斜坂
高黄森哉
それは困難な
こんなにも急な坂が近所にあるとは思わなかった。ここの道は通ったことがなかったが、はたから見ると、そこまで地形的にへこんでいるとか、逆に突出しているとかはない。だから、こんな急な坂が現れるとは予想しなかったのだ。坂の終わりは遠く見えない。後ろを振り返る。後ろにも終わりはない。上り坂が続いているのである。
坂は結構、繁盛していた。いままで見たことがないスーパーやコンビニが立ち並んでいる。試しに覗いてみると、そこには油焼きという得体のしれない料理が売っていた。私はそれを買い、食べながら歩くことに決めた。
急に心細い心持がした。私は小さな路地から折れてこの坂に入ったのだが、このどこも同じような景色が続く坂から、再び元来た路地を見つけることは出来るだろうか。
「できやしないよ」
しわがれた声が片耳に入る。道に老婆がいた。その老婆は年季が入っていた。老婆は老婆でも、一つも若さがない老婆なのだ。きちんと年をとった人間として信用しても良さそうである。
「なぜですか」
「ここは坂じゃないからさ」
「坂でないならどこですかね」
「ここはここだけで完結した一つの世界だ」
そうかもしれないと思った。こんなにも長い通りが、あの通ったことが無かった小さな小径に存在するはずない。ここは小さくたたまれた世界で、あの裏が入り口だったのだ。

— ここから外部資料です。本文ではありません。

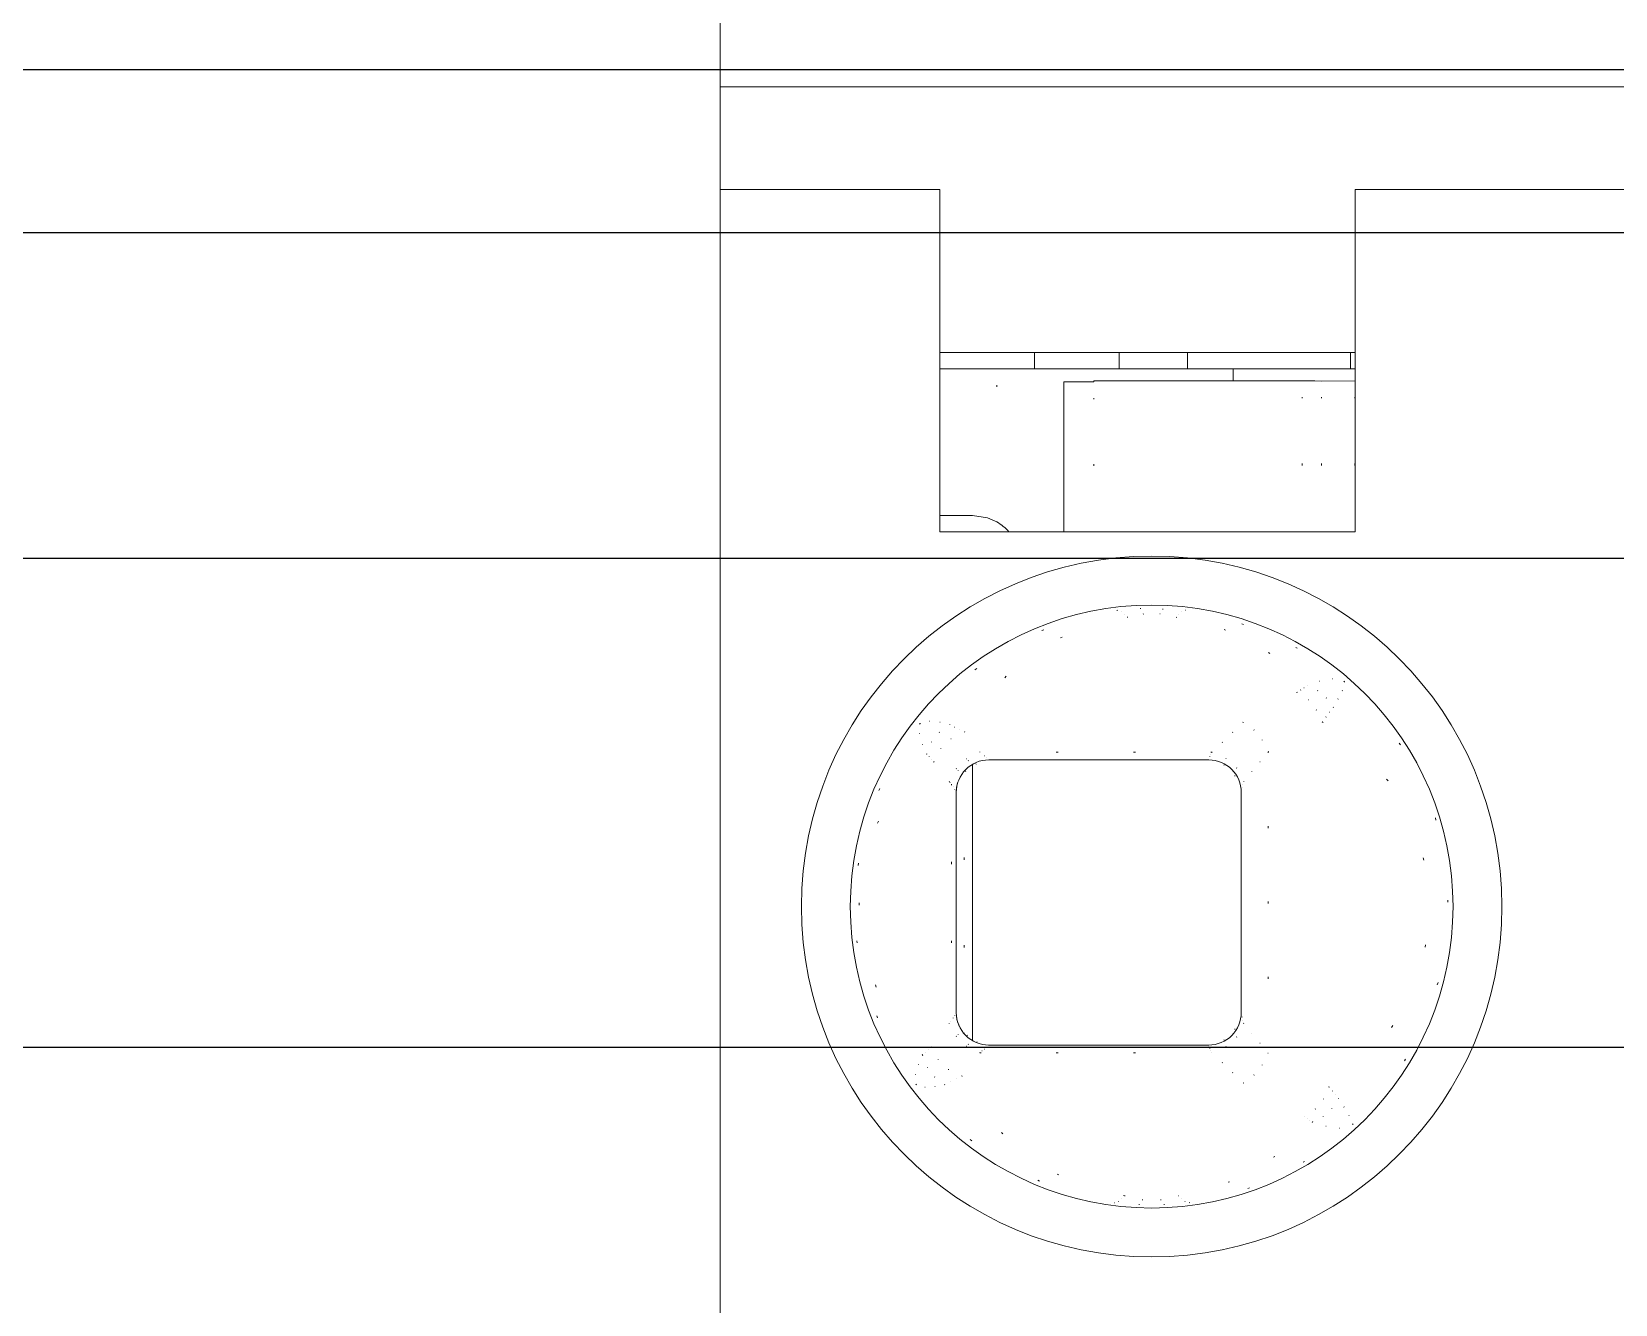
# Model space of a CAD drawing. Header units: inches. Extents: x 17 to 3130, y 15 to 659.
# Drawn here: x 1919.49 to 1929.21, y 217.47 to 225.28 of the extents above; entities that cross this region are included whole.
import ezdxf

# ---------------------------------------------------------------- set-up
doc = ezdxf.new("R2010")
doc.units = ezdxf.units.IN
doc.header["$MEASUREMENT"] = 0
doc.layers.add('Ebene 1', color=7, linetype='Continuous')

msp = doc.modelspace()

# ---------------------------------------------------------------- linework, layer by layer
at = {"color": 7, "linetype": 'Continuous', "lineweight": 25}
for p, q in [((1828.38821, 225.04604), (2076.44904, 225.04604)), ((1828.38821, 224.04604), (2076.4584, 224.04604)), ((1828.38821, 222.04604), (2076.4771, 222.04604)), ((1828.38821, 219.04604), (2076.50516, 219.04604))]:
    msp.add_line(p, q, dxfattribs=at)
at = {"layer": 'Ebene 1', "lineweight": 9}
for points in [[(1923.71809, 224.93971), (1923.71809, 224.93971), (1923.71809, 242.00911), (1923.71809, 242.00911)], [(1923.71809, 224.93971), (1923.71809, 224.93971), (1923.71809, 224.93971), (1923.71809, 224.93971)], [(1923.71809, 224.30911), (1923.71809, 224.30911), (1923.71809, 224.93971), (1923.71809, 224.93971)], [(1923.71809, 224.93971), (1923.71809, 224.93971), (1923.71809, 224.93971), (1923.71809, 224.93971)], [(1935.61809, 224.93971), (1935.61809, 224.93971), (1923.71809, 224.93971), (1923.71809, 224.93971)], [(1923.71809, 224.30911), (1923.71809, 224.30911), (1923.71809, 224.30911), (1923.71809, 224.30911)], [(1923.71809, 207.43981), (1923.71809, 207.43981), (1923.71809, 224.30911), (1923.71809, 224.30911)], [(1923.71809, 224.30911), (1923.71809, 224.30911), (1923.71809, 224.30911), (1923.71809, 224.30911)], [(1925.06809, 224.30911), (1925.06809, 224.30911), (1923.71809, 224.30911), (1923.71809, 224.30911)], [(1925.06799, 222.20911), (1925.06799, 222.20911), (1925.06809, 224.30911), (1925.06809, 224.30911)], [(1925.06809, 224.30911), (1925.06809, 224.30911), (1925.06809, 224.30911), (1925.06809, 224.30911)], [(1927.61809, 224.30911), (1927.61809, 224.30911), (1927.61809, 224.30911), (1927.61809, 224.30911)], [(1930.26809, 224.30911), (1930.26809, 224.30911), (1927.61809, 224.30911), (1927.61809, 224.30911)], [(1927.61809, 224.30911), (1927.61809, 224.30911), (1927.61809, 224.30911), (1927.61809, 224.30911)], [(1927.61809, 222.20911), (1927.61809, 222.20911), (1927.61809, 224.30911), (1927.61809, 224.30911)], [(1925.06809, 223.30911), (1925.06809, 223.30911), (1925.06809, 223.30911), (1925.06809, 223.30911)], [(1927.61809, 223.30911), (1927.61809, 223.30911), (1925.06809, 223.30911), (1925.06809, 223.30911)], [(1925.64849, 223.30911), (1925.64849, 223.30911), (1925.64849, 223.30911), (1925.64849, 223.30911)], [(1925.64849, 223.20911), (1925.64849, 223.20911), (1925.64849, 223.30911), (1925.64849, 223.30911)], [(1926.16809, 223.30911), (1926.16809, 223.30911), (1926.16809, 223.30911), (1926.16809, 223.30911)], [(1926.16809, 223.30911), (1926.16809, 223.30911), (1926.16809, 223.20911), (1926.16809, 223.20911)], [(1925.06799, 222.20911), (1925.06799, 222.20911), (1925.06799, 222.20911), (1925.06799, 222.20911)], [(1927.61809, 222.20911), (1927.61809, 222.20911), (1925.06799, 222.20911), (1925.06799, 222.20911)], [(1925.36809, 220.80921), (1925.36809, 220.80921), (1925.36809, 220.80921), (1925.36809, 220.80921)], [(1925.36809, 220.80921), (1925.36809, 220.80921), (1926.71799, 220.80921), (1926.71799, 220.80921)], [(1926.91809, 220.60921), (1926.91809, 220.71961), (1926.82859, 220.80921), (1926.71799, 220.80921)], [(1925.16809, 220.60961), (1925.16809, 220.60961), (1925.17059, 220.64101), (1925.17059, 220.64101)], [(1925.16809, 220.60961), (1925.16809, 220.60961), (1925.16809, 220.60961), (1925.16809, 220.60961)], [(1925.16809, 219.25881), (1925.16809, 219.25881), (1925.16809, 220.60961), (1925.16809, 220.60961)], [(1925.17059, 220.64101), (1925.17059, 220.64101), (1925.17799, 220.67181), (1925.17799, 220.67181)], [(1926.91809, 220.61801), (1926.91809, 220.61801), (1926.91809, 220.61801), (1926.91809, 220.61801)], [(1926.91809, 220.61801), (1926.91809, 220.61801), (1926.91809, 219.25031), (1926.91809, 219.25031)], [(1925.16809, 219.25881), (1925.16809, 219.25881), (1925.16809, 219.25881), (1925.16809, 219.25881)], [(1925.17279, 219.21561), (1925.17279, 219.21561), (1925.16809, 219.25881), (1925.16809, 219.25881)], [(1925.17279, 219.21561), (1925.17279, 219.21561), (1925.17279, 219.21561), (1925.17279, 219.21561)], [(1925.18669, 219.17441), (1925.18669, 219.17441), (1925.17279, 219.21561), (1925.17279, 219.21561)], [(1925.36809, 219.05921), (1925.36809, 219.05921), (1925.36809, 219.05921), (1925.36809, 219.05921)], [(1926.71799, 219.05921), (1926.71799, 219.05921), (1925.36809, 219.05921), (1925.36809, 219.05921)]]:
    msp.add_open_spline(points, degree=3, dxfattribs=at)
at = {"layer": 'Ebene 1', "color": 95, "lineweight": 9}
for points in [[(1926.58809, 223.30901), (1926.58809, 223.30901), (1926.58809, 223.30901), (1926.58809, 223.30901)], [(1926.58809, 223.20901), (1926.58809, 223.20901), (1926.58809, 223.30901), (1926.58809, 223.30901)], [(1927.58809, 223.30901), (1927.58809, 223.30901), (1927.58809, 223.30901), (1927.58809, 223.30901)], [(1927.58809, 223.20901), (1927.58809, 223.20901), (1927.58809, 223.30901), (1927.58809, 223.30901)]]:
    msp.add_open_spline(points, degree=3, dxfattribs=at)
at = {"layer": 'Ebene 1', "color": 30, "lineweight": 9}
for points in [[(1925.06809, 223.20911), (1925.06809, 223.20911), (1925.06809, 223.20911), (1925.06809, 223.20911)], [(1925.23689, 223.20911), (1925.23689, 223.20911), (1925.06809, 223.20911), (1925.06809, 223.20911)], [(1925.23689, 223.20911), (1925.23689, 223.20911), (1925.23689, 223.20911), (1925.23689, 223.20911)], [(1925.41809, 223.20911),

「ここでは一つしちゃいけない事がある。ほら、あれを見な」
肉が転がってきた。それはたぶん人だと思う。人の痕跡が見受けられる。あの無限の坂のどこかで転んでしまったのだろう。その死体が通り過ぎ、小さく点になっていく。店から通りを掃除するために人が出て来る。肉片が道を汚し、それをそのままにしていると、ウジが湧くのかもしれない。
「ころんではいけない」
そして老婆は果物屋に入店した。
仮にこの坂は無限に続くとする。ならば毎秒のように人が転ぶ。もし坂に最後があるなら、どうなっているのだろう。そもそも終わりなんてないのだろうか。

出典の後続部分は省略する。